*** Opening Stored data ***

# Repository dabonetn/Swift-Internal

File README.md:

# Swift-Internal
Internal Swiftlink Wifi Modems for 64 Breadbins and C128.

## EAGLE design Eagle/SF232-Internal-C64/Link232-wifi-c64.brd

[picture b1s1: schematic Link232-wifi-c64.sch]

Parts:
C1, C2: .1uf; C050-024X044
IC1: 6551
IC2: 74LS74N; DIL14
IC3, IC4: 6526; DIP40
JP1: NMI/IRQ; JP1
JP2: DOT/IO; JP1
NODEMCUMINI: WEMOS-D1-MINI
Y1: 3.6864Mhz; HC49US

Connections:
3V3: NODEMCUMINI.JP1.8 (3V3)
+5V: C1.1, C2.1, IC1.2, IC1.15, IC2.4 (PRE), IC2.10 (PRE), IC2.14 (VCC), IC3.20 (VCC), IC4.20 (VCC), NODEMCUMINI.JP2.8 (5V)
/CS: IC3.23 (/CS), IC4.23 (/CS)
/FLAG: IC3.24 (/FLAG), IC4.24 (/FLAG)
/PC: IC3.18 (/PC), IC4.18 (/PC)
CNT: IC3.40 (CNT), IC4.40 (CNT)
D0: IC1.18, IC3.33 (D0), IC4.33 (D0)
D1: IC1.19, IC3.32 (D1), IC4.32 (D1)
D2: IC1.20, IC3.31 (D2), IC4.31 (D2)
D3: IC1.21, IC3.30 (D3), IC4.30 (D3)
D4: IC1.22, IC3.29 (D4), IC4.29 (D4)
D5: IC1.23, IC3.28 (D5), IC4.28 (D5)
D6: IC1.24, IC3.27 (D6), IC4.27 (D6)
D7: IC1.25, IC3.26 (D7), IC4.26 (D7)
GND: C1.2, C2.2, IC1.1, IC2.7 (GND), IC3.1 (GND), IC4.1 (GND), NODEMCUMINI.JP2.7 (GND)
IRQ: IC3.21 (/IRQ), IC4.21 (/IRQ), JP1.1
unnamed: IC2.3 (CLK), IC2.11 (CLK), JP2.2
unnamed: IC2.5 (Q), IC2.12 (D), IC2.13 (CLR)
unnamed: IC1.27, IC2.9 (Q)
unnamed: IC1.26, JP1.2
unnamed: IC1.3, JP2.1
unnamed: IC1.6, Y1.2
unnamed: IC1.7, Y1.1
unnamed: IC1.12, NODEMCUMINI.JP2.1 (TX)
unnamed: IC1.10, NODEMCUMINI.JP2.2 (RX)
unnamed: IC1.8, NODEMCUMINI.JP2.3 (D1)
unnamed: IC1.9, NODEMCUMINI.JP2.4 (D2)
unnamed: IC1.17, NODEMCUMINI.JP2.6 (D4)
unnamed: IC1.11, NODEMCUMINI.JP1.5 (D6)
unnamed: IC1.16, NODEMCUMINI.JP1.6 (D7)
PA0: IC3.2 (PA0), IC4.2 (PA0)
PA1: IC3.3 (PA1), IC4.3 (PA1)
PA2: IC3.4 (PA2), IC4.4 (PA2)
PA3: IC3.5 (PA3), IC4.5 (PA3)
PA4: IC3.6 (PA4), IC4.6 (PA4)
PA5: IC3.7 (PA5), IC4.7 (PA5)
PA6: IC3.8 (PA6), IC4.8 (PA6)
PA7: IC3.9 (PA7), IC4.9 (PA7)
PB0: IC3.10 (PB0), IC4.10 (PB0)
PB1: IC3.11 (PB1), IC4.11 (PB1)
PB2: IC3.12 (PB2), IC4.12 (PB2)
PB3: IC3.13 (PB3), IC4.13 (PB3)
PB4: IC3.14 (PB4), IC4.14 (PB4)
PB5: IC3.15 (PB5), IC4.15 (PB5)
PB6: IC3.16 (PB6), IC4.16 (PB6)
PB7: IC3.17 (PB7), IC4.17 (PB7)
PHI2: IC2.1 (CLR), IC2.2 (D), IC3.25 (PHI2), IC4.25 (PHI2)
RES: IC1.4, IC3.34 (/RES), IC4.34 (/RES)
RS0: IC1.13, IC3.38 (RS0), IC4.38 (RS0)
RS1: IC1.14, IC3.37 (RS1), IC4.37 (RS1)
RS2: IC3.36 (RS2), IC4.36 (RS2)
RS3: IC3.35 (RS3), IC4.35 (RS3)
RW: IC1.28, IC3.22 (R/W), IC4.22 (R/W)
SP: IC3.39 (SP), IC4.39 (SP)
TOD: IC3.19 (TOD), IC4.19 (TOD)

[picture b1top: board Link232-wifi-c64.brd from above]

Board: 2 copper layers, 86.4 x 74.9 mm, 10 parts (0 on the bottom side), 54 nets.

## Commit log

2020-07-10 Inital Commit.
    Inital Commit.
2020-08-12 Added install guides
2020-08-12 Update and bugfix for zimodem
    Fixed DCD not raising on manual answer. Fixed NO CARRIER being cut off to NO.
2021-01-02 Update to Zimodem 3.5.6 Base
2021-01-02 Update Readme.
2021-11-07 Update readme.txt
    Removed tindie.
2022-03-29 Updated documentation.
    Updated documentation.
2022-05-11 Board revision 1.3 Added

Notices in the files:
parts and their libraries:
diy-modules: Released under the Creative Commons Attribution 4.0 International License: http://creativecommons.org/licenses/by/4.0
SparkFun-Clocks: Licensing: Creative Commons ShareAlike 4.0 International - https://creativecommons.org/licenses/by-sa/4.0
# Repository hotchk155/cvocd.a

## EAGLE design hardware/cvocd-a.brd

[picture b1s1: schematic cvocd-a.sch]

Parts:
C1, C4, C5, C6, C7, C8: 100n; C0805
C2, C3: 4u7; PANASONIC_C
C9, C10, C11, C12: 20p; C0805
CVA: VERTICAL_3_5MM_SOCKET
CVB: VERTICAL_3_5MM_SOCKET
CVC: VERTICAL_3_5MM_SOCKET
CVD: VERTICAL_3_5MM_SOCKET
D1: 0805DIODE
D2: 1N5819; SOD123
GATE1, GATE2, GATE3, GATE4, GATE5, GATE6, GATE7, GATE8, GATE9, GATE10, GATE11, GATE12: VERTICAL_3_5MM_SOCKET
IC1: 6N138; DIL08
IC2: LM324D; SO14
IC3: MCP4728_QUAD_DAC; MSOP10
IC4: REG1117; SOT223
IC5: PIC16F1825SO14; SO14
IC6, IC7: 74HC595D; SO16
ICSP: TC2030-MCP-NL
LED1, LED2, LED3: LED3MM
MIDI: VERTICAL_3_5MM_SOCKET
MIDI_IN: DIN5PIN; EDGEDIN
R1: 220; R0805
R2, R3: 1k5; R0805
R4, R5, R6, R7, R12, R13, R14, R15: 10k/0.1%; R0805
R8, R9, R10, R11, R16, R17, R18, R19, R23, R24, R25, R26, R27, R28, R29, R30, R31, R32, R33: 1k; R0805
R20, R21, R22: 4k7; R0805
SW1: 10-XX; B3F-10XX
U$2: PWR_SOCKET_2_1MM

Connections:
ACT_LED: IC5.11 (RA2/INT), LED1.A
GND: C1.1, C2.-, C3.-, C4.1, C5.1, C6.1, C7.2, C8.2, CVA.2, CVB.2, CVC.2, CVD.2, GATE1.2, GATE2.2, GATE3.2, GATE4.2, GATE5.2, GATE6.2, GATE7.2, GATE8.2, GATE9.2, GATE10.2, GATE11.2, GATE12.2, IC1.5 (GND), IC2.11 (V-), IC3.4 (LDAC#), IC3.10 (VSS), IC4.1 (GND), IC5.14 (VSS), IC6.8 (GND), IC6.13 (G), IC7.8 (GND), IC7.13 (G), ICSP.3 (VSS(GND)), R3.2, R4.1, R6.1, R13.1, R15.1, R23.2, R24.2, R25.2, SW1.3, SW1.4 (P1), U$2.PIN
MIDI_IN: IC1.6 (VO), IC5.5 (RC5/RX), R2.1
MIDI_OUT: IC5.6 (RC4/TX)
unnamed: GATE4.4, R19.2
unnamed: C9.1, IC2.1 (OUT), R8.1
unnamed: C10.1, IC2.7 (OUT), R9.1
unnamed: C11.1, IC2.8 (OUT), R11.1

*** Closing Stored data ***

Work required » Return, exactly, the lines from the first line of the records above to the line containing "3V3: NODEMCUMINI.JP1.8 (3V3)", both included.

Response area »
# Repository dabonetn/Swift-Internal

File README.md:

# Swift-Internal
Internal Swiftlink Wifi Modems for 64 Breadbins and C128.

## EAGLE design Eagle/SF232-Internal-C64/Link232-wifi-c64.brd

[picture b1s1: schematic Link232-wifi-c64.sch]

Parts:
C1, C2: .1uf; C050-024X044
IC1: 6551
IC2: 74LS74N; DIL14
IC3, IC4: 6526; DIP40
JP1: NMI/IRQ; JP1
JP2: DOT/IO; JP1
NODEMCUMINI: WEMOS-D1-MINI
Y1: 3.6864Mhz; HC49US

Connections:
3V3: NODEMCUMINI.JP1.8 (3V3)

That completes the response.